**TASK REQUIREMENTS**
This calls for a word-for-word copy of all the data, with each picture removed.

**RECORDS FOR THIS EXERCISE**
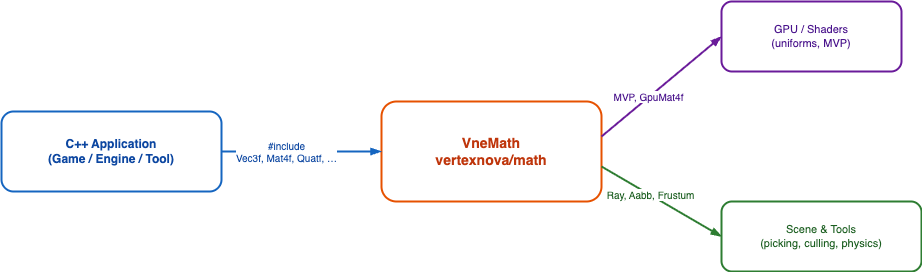

The diagram above was exported from draw.io. Its source (the exported page's mxGraphModel, read from the mxfile embedded in the PNG):
<mxGraphModel dx="1557" dy="750" grid="1" gridSize="10" guides="1" tooltips="1" connect="1" arrows="1" fold="1" page="1" pageScale="1" pageWidth="1200" pageHeight="900" math="0" shadow="0">
  <root>
    <mxCell id="0" />
    <mxCell id="1" parent="0" />
    <mxCell id="app" value="C++ Application&#10;(Game / Engine / Tool)" style="rounded=1;whiteSpace=wrap;html=1;fillColor=#ffffff;strokeColor=#1565c0;strokeWidth=2;fontStyle=1;fontSize=12;fontColor=#0d47a1;" parent="1" vertex="1">
      <mxGeometry x="20" y="310" width="220" height="80" as="geometry" />
    </mxCell>
    <mxCell id="vne" value="VneMath&#10;vertexnova/math" style="rounded=1;whiteSpace=wrap;html=1;fillColor=#ffffff;strokeColor=#e65100;strokeWidth=2;fontStyle=1;fontSize=14;fontColor=#bf360c;" parent="1" vertex="1">
      <mxGeometry x="400" y="300" width="220" height="100" as="geometry" />
    </mxCell>
    <mxCell id="gpu" value="GPU / Shaders&#10;(uniforms, MVP)" style="rounded=1;whiteSpace=wrap;html=1;fillColor=#ffffff;strokeColor=#6a1b9a;strokeWidth=2;fontSize=11;fontColor=#4a148c;" parent="1" vertex="1">
      <mxGeometry x="740" y="200" width="180" height="70" as="geometry" />
    </mxCell>
    <mxCell id="scene" value="Scene &amp; Tools&#10;(picking, culling, physics)" style="rounded=1;whiteSpace=wrap;html=1;fillColor=#ffffff;strokeColor=#2e7d32;strokeWidth=2;fontSize=11;fontColor=#1b5e20;" parent="1" vertex="1">
      <mxGeometry x="740" y="400" width="200" height="70" as="geometry" />
    </mxCell>
    <mxCell id="r1" style="endArrow=blockThin;endFill=1;html=1;strokeWidth=2;strokeColor=#1565c0;exitX=1;exitY=0.5;exitDx=0;exitDy=0;entryX=0;entryY=0.5;entryDx=0;entryDy=0;" parent="1" source="app" target="vne" edge="1">
      <mxGeometry relative="1" as="geometry" />
    </mxCell>
    <mxCell id="r1label" value="#include &lt;vertexnova/math/math.h&gt;&#10;Vec3f, Mat4f, Quatf, …" style="edgeLabel;html=1;align=center;verticalAlign=middle;resizable=0;points=[];fontSize=10;fontColor=#0d47a1;backgroundColor=#ffffff;" parent="r1" connectable="0" vertex="1">
      <mxGeometry x="-0.2" y="1" relative="1" as="geometry">
        <mxPoint as="offset" />
      </mxGeometry>
    </mxCell>
    <mxCell id="r2" style="endArrow=blockThin;endFill=1;html=1;strokeWidth=2;strokeColor=#6a1b9a;exitX=1;exitY=0.35;exitDx=0;exitDy=0;entryX=0;entryY=0.5;entryDx=0;entryDy=0;" parent="1" source="vne" target="gpu" edge="1">
      <mxGeometry relative="1" as="geometry" />
    </mxCell>
    <mxCell id="r2label" value="MVP, GpuMat4f" style="edgeLabel;html=1;align=center;verticalAlign=middle;resizable=0;points=[];fontSize=10;fontColor=#4a148c;backgroundColor=#ffffff;" parent="r2" connectable="0" vertex="1">
      <mxGeometry x="-0.2" y="1" relative="1" as="geometry">
        <mxPoint as="offset" />
      </mxGeometry>
    </mxCell>
    <mxCell id="r3" style="endArrow=blockThin;endFill=1;html=1;strokeWidth=2;strokeColor=#2e7d32;exitX=1;exitY=0.65;exitDx=0;exitDy=0;entryX=0;entryY=0.5;entryDx=0;entryDy=0;" parent="1" source="vne" target="scene" edge="1">
      <mxGeometry relative="1" as="geometry" />
    </mxCell>
    <mxCell id="r3label" value="Ray, Aabb, Frustum" style="edgeLabel;html=1;align=center;verticalAlign=middle;resizable=0;points=[];fontSize=10;fontColor=#1b5e20;backgroundColor=#ffffff;" parent="r3" connectable="0" vertex="1">
      <mxGeometry x="-0.2" y="1" relative="1" as="geometry">
        <mxPoint as="offset" />
      </mxGeometry>
    </mxCell>
  </root>
</mxGraphModel>

**RESPONSE**
The diagram above was exported from draw.io. Its source (the exported page's mxGraphModel, read from the mxfile embedded in the PNG):
<mxGraphModel dx="1557" dy="750" grid="1" gridSize="10" guides="1" tooltips="1" connect="1" arrows="1" fold="1" page="1" pageScale="1" pageWidth="1200" pageHeight="900" math="0" shadow="0">
  <root>
    <mxCell id="0" />
    <mxCell id="1" parent="0" />
    <mxCell id="app" value="C++ Application&#10;(Game / Engine / Tool)" style="rounded=1;whiteSpace=wrap;html=1;fillColor=#ffffff;strokeColor=#1565c0;strokeWidth=2;fontStyle=1;fontSize=12;fontColor=#0d47a1;" parent="1" vertex="1">
      <mxGeometry x="20" y="310" width="220" height="80" as="geometry" />
    </mxCell>
    <mxCell id="vne" value="VneMath&#10;vertexnova/math" style="rounded=1;whiteSpace=wrap;html=1;fillColor=#ffffff;strokeColor=#e65100;strokeWidth=2;fontStyle=1;fontSize=14;fontColor=#bf360c;" parent="1" vertex="1">
      <mxGeometry x="400" y="300" width="220" height="100" as="geometry" />
    </mxCell>
    <mxCell id="gpu" value="GPU / Shaders&#10;(uniforms, MVP)" style="rounded=1;whiteSpace=wrap;html=1;fillColor=#ffffff;strokeColor=#6a1b9a;strokeWidth=2;fontSize=11;fontColor=#4a148c;" parent="1" vertex="1">
      <mxGeometry x="740" y="200" width="180" height="70" as="geometry" />
    </mxCell>
    <mxCell id="scene" value="Scene &amp; Tools&#10;(picking, culling, physics)" style="rounded=1;whiteSpace=wrap;html=1;fillColor=#ffffff;strokeColor=#2e7d32;strokeWidth=2;fontSize=11;fontColor=#1b5e20;" parent="1" vertex="1">
      <mxGeometry x="740" y="400" width="200" height="70" as="geometry" />
    </mxCell>
    <mxCell id="r1" style="endArrow=blockThin;endFill=1;html=1;strokeWidth=2;strokeColor=#1565c0;exitX=1;exitY=0.5;exitDx=0;exitDy=0;entryX=0;entryY=0.5;entryDx=0;entryDy=0;" parent="1" source="app" target="vne" edge="1">
      <mxGeometry relative="1" as="geometry" />
    </mxCell>
    <mxCell id="r1label" value="#include &lt;vertexnova/math/math.h&gt;&#10;Vec3f, Mat4f, Quatf, …" style="edgeLabel;html=1;align=center;verticalAlign=middle;resizable=0;points=[];fontSize=10;fontColor=#0d47a1;backgroundColor=#ffffff;" parent="r1" connectable="0" vertex="1">
      <mxGeometry x="-0.2" y="1" relative="1" as="geometry">
        <mxPoint as="offset" />
      </mxGeometry>
    </mxCell>
    <mxCell id="r2" style="endArrow=blockThin;endFill=1;html=1;strokeWidth=2;strokeColor=#6a1b9a;exitX=1;exitY=0.35;exitDx=0;exitDy=0;entryX=0;entryY=0.5;entryDx=0;entryDy=0;" parent="1" source="vne" target="gpu" edge="1">
      <mxGeometry relative="1" as="geometry" />
    </mxCell>
    <mxCell id="r2label" value="MVP, GpuMat4f" style="edgeLabel;html=1;align=center;verticalAlign=middle;resizable=0;points=[];fontSize=10;fontColor=#4a148c;backgroundColor=#ffffff;" parent="r2" connectable="0" vertex="1">
      <mxGeometry x="-0.2" y="1" relative="1" as="geometry">
        <mxPoint as="offset" />
      </mxGeometry>
    </mxCell>
    <mxCell id="r3" style="endArrow=blockThin;endFill=1;html=1;strokeWidth=2;strokeColor=#2e7d32;exitX=1;exitY=0.65;exitDx=0;exitDy=0;entryX=0;entryY=0.5;entryDx=0;entryDy=0;" parent="1" source="vne" target="scene" edge="1">
      <mxGeometry relative="1" as="geometry" />
    </mxCell>
    <mxCell id="r3label" value="Ray, Aabb, Frustum" style="edgeLabel;html=1;align=center;verticalAlign=middle;resizable=0;points=[];fontSize=10;fontColor=#1b5e20;backgroundColor=#ffffff;" parent="r3" connectable="0" vertex="1">
      <mxGeometry x="-0.2" y="1" relative="1" as="geometry">
        <mxPoint as="offset" />
      </mxGeometry>
    </mxCell>
  </root>
</mxGraphModel>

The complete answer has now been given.